もちろん親が、フリーターのままで問題ない、と思っていればいいのですが、そうでないことが多いです。子供目線の意見で「金銭面で困らないからフリーターでOK」と思っている人もいましたよね。
確かに一人暮らしならまだいいかもしれませんが、実家に居るままで金銭面の不安がない、というのはどうなのでしょうか。そのため年齢で区切って自立させるのも親の務めかもしれません。
「可愛い子には旅をさせよ」「獅子は我が子を千尋の谷に落とす」という言葉がある通り、息子・娘といっても成人した大人。
子供の人生なんだし放っておいてもいいでしょう。
親がアレコレいう年齢は過ぎている、という見方もできます。
少なくともニートや引きこもりでなく、フリーターとしてでも仕事をしているならそれでいい、と見守ってもいいですね。
フリーターと正社員、ここで改めてその違いをみていきましょう。
正社員は、雇用期間を定めず長期に働くことが前提のため、任される仕事の責任や領域、裁量が大きいことが特徴です。そのため、キャリアアップのチャンスにも恵まれやすい点がメリットだと言えるでしょう。
それに責任ある立場になればなるほど、給与が上がっていきます。つまり、将来の仕事の広がり方・給与面、それぞれで安定した地位が約束されます。
子供の10年後、20年後を考えると正社員の方がいい、というのは、こうしたことがあります。
上記で、キャリアアップしやすい、給与が上がりやすい、ということを言いました。
そのようなメリットがあるため将来設計がしやすく、結婚して家族を持ちやすい、というメリットもあります。子供がゆくゆくは結婚したい、と言ったときに、フリーターだと相手が見つかりにくい、ということがあります。
会社での立場が安定すると家庭も安定しやすくなるのです。
厚生年金や健康保険といった社会保障がしっかりしていることも、正社員のメリットといえます。
例えば、ケガや病気で働けなくなった、というとき正社員なら休職しても、傷病手当金などで一定の収入が保証されますが、フリーターだとそのまま契約打ち切りなんてことも。

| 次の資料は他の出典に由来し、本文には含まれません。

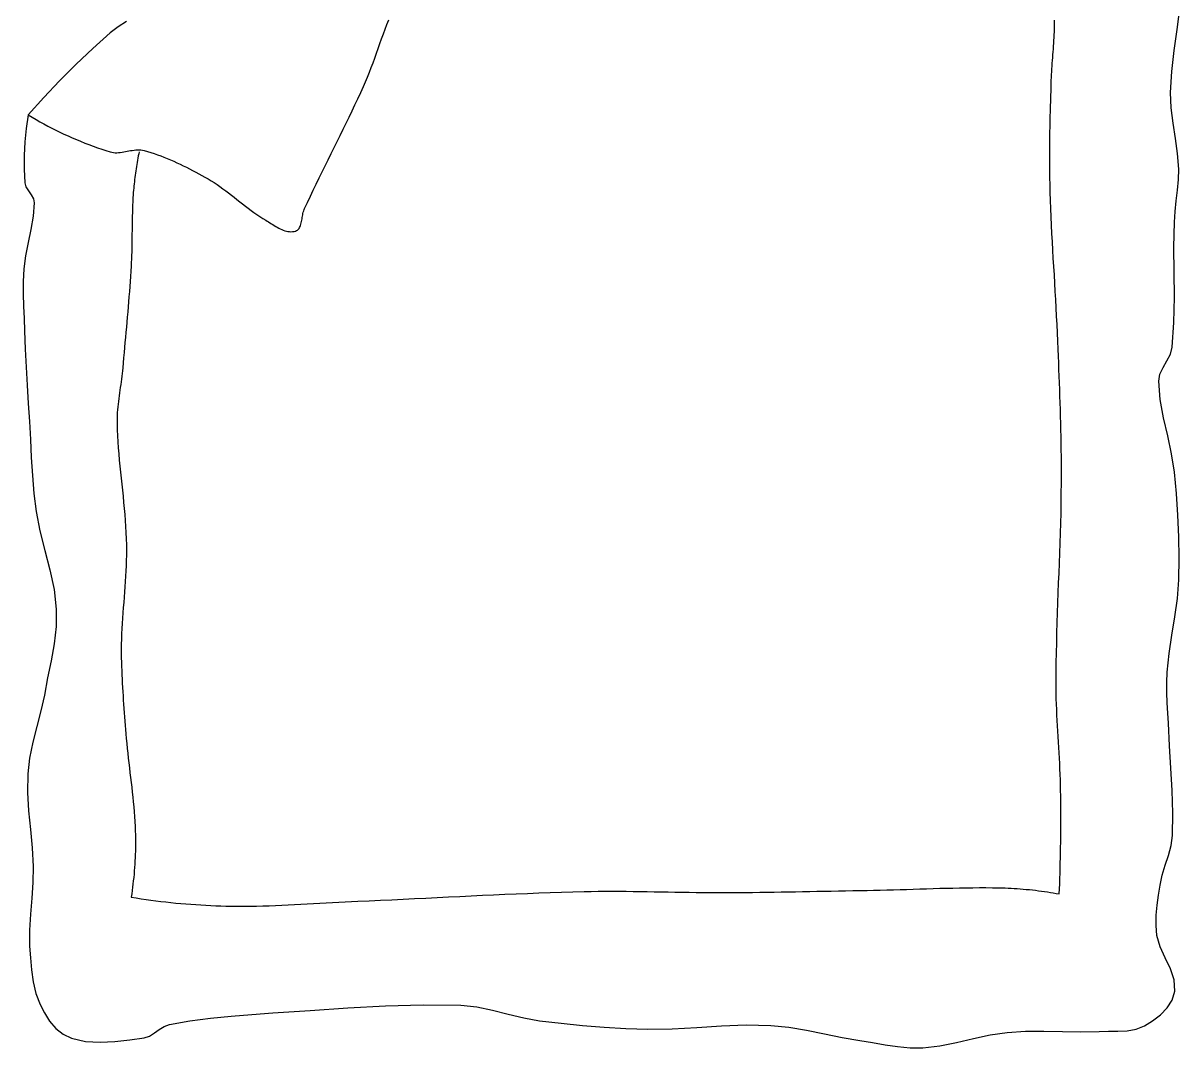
# Model space of a CAD drawing. Header units: millimetres. Extents: x -733 to 20318, y 212 to 20507.
# Drawn here: x 14461 to 16281, y 13599 to 15211 of the extents above; entities that cross this region are included whole.
import ezdxf

# ---------------------------------------------------------------- set-up
doc = ezdxf.new("R2010")
doc.units = ezdxf.units.MM
doc.layers.get('0').update_dxf_attribs({"color": 250})

msp = doc.modelspace()

# ---------------------------------------------------------------- linework, layer by layer
at = {"color": 18, "true_color": 0x000000}
for p, q in [((16276.5, 15200.9), (16281, 15233.8)), ((15033.6, 15208.8), (15036.6, 15216.2)), ((16083.6, 15210.5), (16083.5, 15215.8)), ((14598.2, 15195.7), (14571, 15171.3)), ((14610.5, 15205.2), (14598.2, 15195.7)), ((14623.6, 15213.6), (14610.5, 15205.2)), ((15027.9, 15193.9), (15030.7, 15201.4)), ((15030.7, 15201.4), (15033.6, 15208.8)), ((16083.3, 15192.6), (16083.5, 15197.1)), ((16083.5, 15197.1), (16083.6, 15201.6)), ((16083.6, 15206.1), (16083.6, 15210.5)), ((16083.6, 15201.6), (16083.6, 15206.1)), ((16271.9, 15167.9), (16276.5, 15200.9)), ((15019.7, 15171.3), (15022.4, 15178.8)), ((15022.4, 15178.8), (15025.1, 15186.4)), ((15025.1, 15186.4), (15027.9, 15193.9)), ((16082.3, 15174.7), (16082.6, 15179.2)), ((16082.6, 15179.2), (16082.9, 15183.7)), ((16082.9, 15183.7), (16083.1, 15188.1)), ((16083.1, 15188.1), (16083.3, 15192.6)), ((14571, 15171.3), (14544.5, 15146.2)), ((15014.3, 15156.1), (15017, 15163.7)), ((15017, 15163.7), (15019.7, 15171.3)), ((16080.9, 15156.8), (16081.3, 15161.3)), ((16081.3, 15161.3), (16081.6, 15165.8)), ((16081.6, 15165.8), (16082, 15170.2)), ((16082, 15170.2), (16082.3, 15174.7)), ((16268.2, 15134.9), (16271.9, 15167.9)), ((14544.5, 15146.2), (14518.6, 15120.3)), ((15008.8, 15141.1), (15011.6, 15148.6)), ((15011.6, 15148.6), (15014.3, 15156.1)), ((16079.6, 15138.9), (16079.9, 15143.4)), ((16079.9, 15143.4), (16080.2, 15147.9)), ((16080.2, 15147.9), (16080.6, 15152.3)), ((16080.6, 15152.3), (16080.9, 15156.8)), ((14999.8, 15118.8), (15002.9, 15126.1)), ((15002.9, 15126.1), (15005.9, 15133.6)), ((15005.9, 15133.6), (15008.8, 15141.1)), ((16078.7, 15121), (16078.9, 15125.5)), ((16078.9, 15125.5), (16079.1, 15130)), ((16079.1, 15130), (16079.3, 15134.4)), ((16079.3, 15134.4), (16079.6, 15138.9)), ((16266.3, 15101.7), (16268.2, 15134.9)), ((14518.6, 15120.3), (14493.5, 15093.7)), ((14992.2, 15101.8), (14996.6, 15111.5)), ((14996.6, 15111.5), (14999.8, 15118.8)), ((16078, 15096.6), (16078.3, 15104.7)), ((16078.3, 15104.7), (16078.5, 15112.9)), ((16078.5, 15112.9), (16078.7, 15121)), ((14493.5, 15093.7), (14469.2, 15066.5)), ((14983.1, 15082.4), (14987.7, 15092.1)), ((14987.7, 15092.1), (14992.2, 15101.8)), ((16077.6, 15080.3), (16077.8, 15088.4)), ((16077.8, 15088.4), (16078, 15096.6)), ((16267.3, 15077.6), (16266.3, 15101.7)), ((14973.9, 15063.2), (14978.6, 15072.8)), ((14978.6, 15072.8), (14983.1, 15082.4)), ((16077.2, 15064), (16077.4, 15072.2)), ((16077.4, 15072.2), (16077.6, 15080.3)), ((16270.3, 15053.6), (16267.3, 15077.6)), ((14469.2, 15066.5), (14466.1, 15045.3)), ((14469.2, 15066.5), (14475.3, 15062.8)), ((14475.3, 15062.8), (14481.4, 15059.2)), ((14481.4, 15059.2), (14487.6, 15055.7)), ((14487.6, 15055.7), (14493.8, 15052.3)), ((14493.8, 15052.3), (14500, 15048.9)), ((14964.6, 15044), (14969.3, 15053.6)), ((14969.3, 15053.6), (14973.9, 15063.2)), ((16076.8, 15047.7), (16077, 15055.9)), ((16077, 15055.9), (16077.2, 15064)), ((16274, 15029.6), (16270.3, 15053.6)), ((14466.1, 15045.3), (14464, 15024)), ((14500, 15048.9), (14506.3, 15045.7)), ((14506.3, 15045.7), (14512.6, 15042.5)), ((14512.6, 15042.5), (14519, 15039.4)), ((14519, 15039.4), (14525.4, 15036.3)), ((14525.4, 15036.3), (14531.9, 15033.4)), ((14531.9, 15033.4), (14538.4, 15030.5)), ((14955.2, 15024.8), (14959.9, 15034.4)), ((14959.9, 15034.4), (14964.6, 15044)), ((16076.5, 15031.4), (16076.6, 15039.6)), ((16076.6, 15039.6), (16076.8, 15047.7)), ((14464, 15024), (14462.9, 15002.6)), ((14538.4, 15030.5), (14544.9, 15027.7)), ((14544.9, 15027.7), (14551.5, 15025)), ((14551.5, 15025), (14558.1, 15022.3)), ((14558.1, 15022.3), (14564.7, 15019.8)), ((14564.7, 15019.8), (14571.4, 15017.3)), ((14571.4, 15017.3), (14578, 15014.9)), ((14578, 15014.9), (14584.8, 15012.7)), ((14945.8, 15005.7), (14950.5, 15015.3)), ((14950.5, 15015.3), (14955.2, 15024.8)), ((16076.2, 15007), (16076.3, 15015.2)), ((16076.3, 15015.2), (16076.4, 15023.3)), ((16076.4, 15023.3), (16076.5, 15031.4)), ((16277.4, 15005.6), (16274, 15029.6)), ((14462.9, 15002.6), (14462.8, 14981.2)), ((14584.8, 15012.7), (14591.5, 15010.5)), ((14591.5, 15010.5), (14598.2, 15008.3)), ((14598.2, 15008.3), (14600.8, 15007.7)), ((14600.8, 15007.7), (14603.4, 15007.3)), ((14603.4, 15007.3), (14606, 15007.1)), ((14606, 15007.1), (14608.6, 15007)), ((14608.6, 15007), (14611.3, 15007.2)), ((14611.3, 15007.2), (14614, 15007.4)), ((14614, 15007.4), (14616.7, 15007.8)), ((14616.7, 15007.8), (14619.4, 15008.3)), ((14619.4, 15008.3), (14622.1, 15008.8)), ((14622.1, 15008.8), (14624.8, 15009.3)), ((14624.8, 15009.3), (14627.5, 15009.9)), ((14627.5, 15009.9), (14630.2, 15010.4)), ((14630.2, 15010.4), (14632.9, 15010.8)), ((14632.9, 15010.8), (14635.6, 15011.2)), ((14635.6, 15011.2), (14638.3, 15011.5)), ((14638.3, 15011.5), (14641, 15011.7)), ((14641, 15011.7), (14643.6, 15011.7)), ((14641.7, 14998.7), (14641.1, 14995.3)), ((14642.3, 15002), (14641.7, 14998.7)), ((14643, 15005.3), (14642.3, 15002)), ((14643.7, 15008.7), (14643, 15005.3)), ((14643.6, 15011.7), (14646.2, 15011.6)), ((14646.2, 15011.6), (14648.9, 15011.2)), ((14648.9, 15011.2), (14651.4, 15010.6)), ((14651.4, 15010.6), (14656.7, 15009.1)), ((14656.7, 15009.1), (14662, 15007.5)), ((14662, 15007.5), (14667.2, 15005.8)), ((14667.2, 15005.8), (14672.4, 15004)), ((14672.4, 15004), (14677.6, 15002.1)), ((14677.6, 15002.1), (14682.7, 15000.1)), ((14682.7, 15000.1), (14687.9, 14998)), ((14687.9, 14998), (14692.9, 14995.9)), ((14692.9, 14995.9), (14698, 14993.7)), ((14936.4, 14986.6), (14941.1, 14996.1)), ((14941.1, 14996.1), (14945.8, 15005.7)), ((16076.2, 14998.9), (16076.2, 15007)), ((16076.2, 14990.7), (16076.2, 14998.9)), ((16279.3, 14981.4), (16277.4, 15005.6)), ((14462.8, 14981.2), (14463.8, 14959.8)), ((14638.3, 14978.5), (14637.8, 14975.1)), ((14638.8, 14981.8), (14638.3, 14978.5)), ((14639.4, 14985.2), (14638.8, 14981.8)), ((14639.9, 14988.6), (14639.4, 14985.2)), ((14640.5, 14991.9), (14639.9, 14988.6)), ((14641.1, 14995.3), (14640.5, 14991.9)), ((14698, 14993.7), (14703, 14991.4)), ((14703, 14991.4), (14708.1, 14989.1)), ((14708.1, 14989.1), (14713, 14986.7)), ((14713, 14986.7), (14718, 14984.2)), ((14718, 14984.2), (14722.9, 14981.7)), ((14722.9, 14981.7), (14727.8, 14979.2)), ((14727.8, 14979.2), (14732.7, 14976.6)), ((14931.6, 14977), (14936.4, 14986.6)), ((16076.3, 14982.6), (16076.2, 14990.7)), ((16076.4, 14974.5), (16076.3, 14982.6)), ((16279, 14964.7), (16279.3, 14981.4)), ((14463.8, 14959.8), (14465.6, 14953.2)), ((14636.1, 14961.5), (14635.8, 14958.1)), ((14636.5, 14964.9), (14636.1, 14961.5)), ((14636.9, 14968.3), (14636.5, 14964.9)), ((14637.4, 14971.7), (14636.9, 14968.3)), ((14637.8, 14975.1), (14637.4, 14971.7)), ((14732.7, 14976.6), (14737.6, 14974)), ((14737.6, 14974), (14742.4, 14971.3)), ((14742.4, 14971.3), (14747.2, 14968.6)), ((14747.2, 14968.6), (14752, 14965.9)), ((14752, 14965.9), (14756.8, 14963)), ((14756.8, 14963), (14761.5, 14960)), ((14761.5, 14960), (14766.2, 14957)), ((14922.3, 14957.8), (14927, 14967.4)), ((14927, 14967.4), (14931.6, 14977)), ((16076.5, 14966.3), (16076.4, 14974.5)), ((16076.7, 14958.2), (16076.5, 14966.3)), ((16277.5, 14948), (16279, 14964.7)), ((14465.6, 14953.2), (14469.4, 14947)), ((14469.4, 14947), (14473.7, 14940.9)), ((14473.7, 14940.9), (14477.2, 14934.7)), ((14634.3, 14941.1), (14633.9, 14935.5)), ((14634.5, 14944.5), (14634.3, 14941.1)), ((14634.8, 14947.9), (14634.5, 14944.5)), ((14635.1, 14951.3), (14634.8, 14947.9)), ((14635.4, 14954.7), (14635.1, 14951.3)), ((14635.8, 14958.1), (14635.4, 14954.7)), ((14766.2, 14957), (14770.8, 14953.8)), ((14770.8, 14953.8), (14775.4, 14950.5)), ((14775.4, 14950.5), (14779.9, 14947.2)), ((14779.9, 14947.2), (14784.3, 14943.8)), ((14784.3, 14943.8), (14788.8, 14940.4)), ((14913, 14938.6), (14917.6, 14948.2)), ((14917.6, 14948.2), (14922.3, 14957.8)), ((16077, 14945.1), (16076.7, 14958.2)), ((16077.5, 14932.1), (16077, 14945.1)), ((16275.4, 14931.3), (16277.5, 14948)), ((14478.6, 14928.1), (14477, 14907.1)), ((14477.2, 14934.7), (14478.6, 14928.1)), ((14633.4, 14924.3), (14633.2, 14918.6)), ((14633.6, 14929.9), (14633.4, 14924.3)), ((14633.9, 14935.5), (14633.6, 14929.9)), ((14788.8, 14940.4), (14793.2, 14937)), ((14793.2, 14937), (14797.6, 14933.5)), ((14797.6, 14933.5), (14802, 14930)), ((14802, 14930), (14806.4, 14926.6)), ((14806.4, 14926.6), (14810.9, 14923.1)), ((14810.9, 14923.1), (14815.3, 14919.7)), ((14903.8, 14919.3), (14908.4, 14929)), ((14908.4, 14929), (14913, 14938.6)), ((16078, 14919.1), (16077.5, 14932.1)), ((16273.5, 14914.6), (16275.4, 14931.3)), ((14477, 14907.1), (14473.4, 14886.4)), ((14632.8, 14907.4), (14632.7, 14901.8)), ((14633, 14913), (14632.8, 14907.4)), ((14633.2, 14918.6), (14633, 14913)), ((14815.3, 14919.7), (14819.8, 14916.4)), ((14819.8, 14916.4), (14824.3, 14913.1)), ((14824.3, 14913.1), (14828.9, 14909.9)), ((14828.9, 14909.9), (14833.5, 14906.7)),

さらに正社員だと、家族手当や住宅手当、役職が付くと役職手当などといった手当も充実します。これはフリーターにはないメリットと言えるでしょう。
子供の将来を思うと正社員の方がいい、という親の気持ちは最もだといえます。
「将来、住宅ローンを組んで家を買いたい」
「新車をローンで購入予定」
こうしたとき、正社員だとすんなり審査が通ることが多いですが、フリーターだと審査が下りない、というケースがあります。
こうした社会的な信用が高いことも正社員のメリットです。
フリーターの息子・娘が正社員になるデメリットはあるのか?
今まで正社員の良いところ・メリットを見てきましたが、悪い部分・デメリットはあるのでしょうか。詳しく解説します。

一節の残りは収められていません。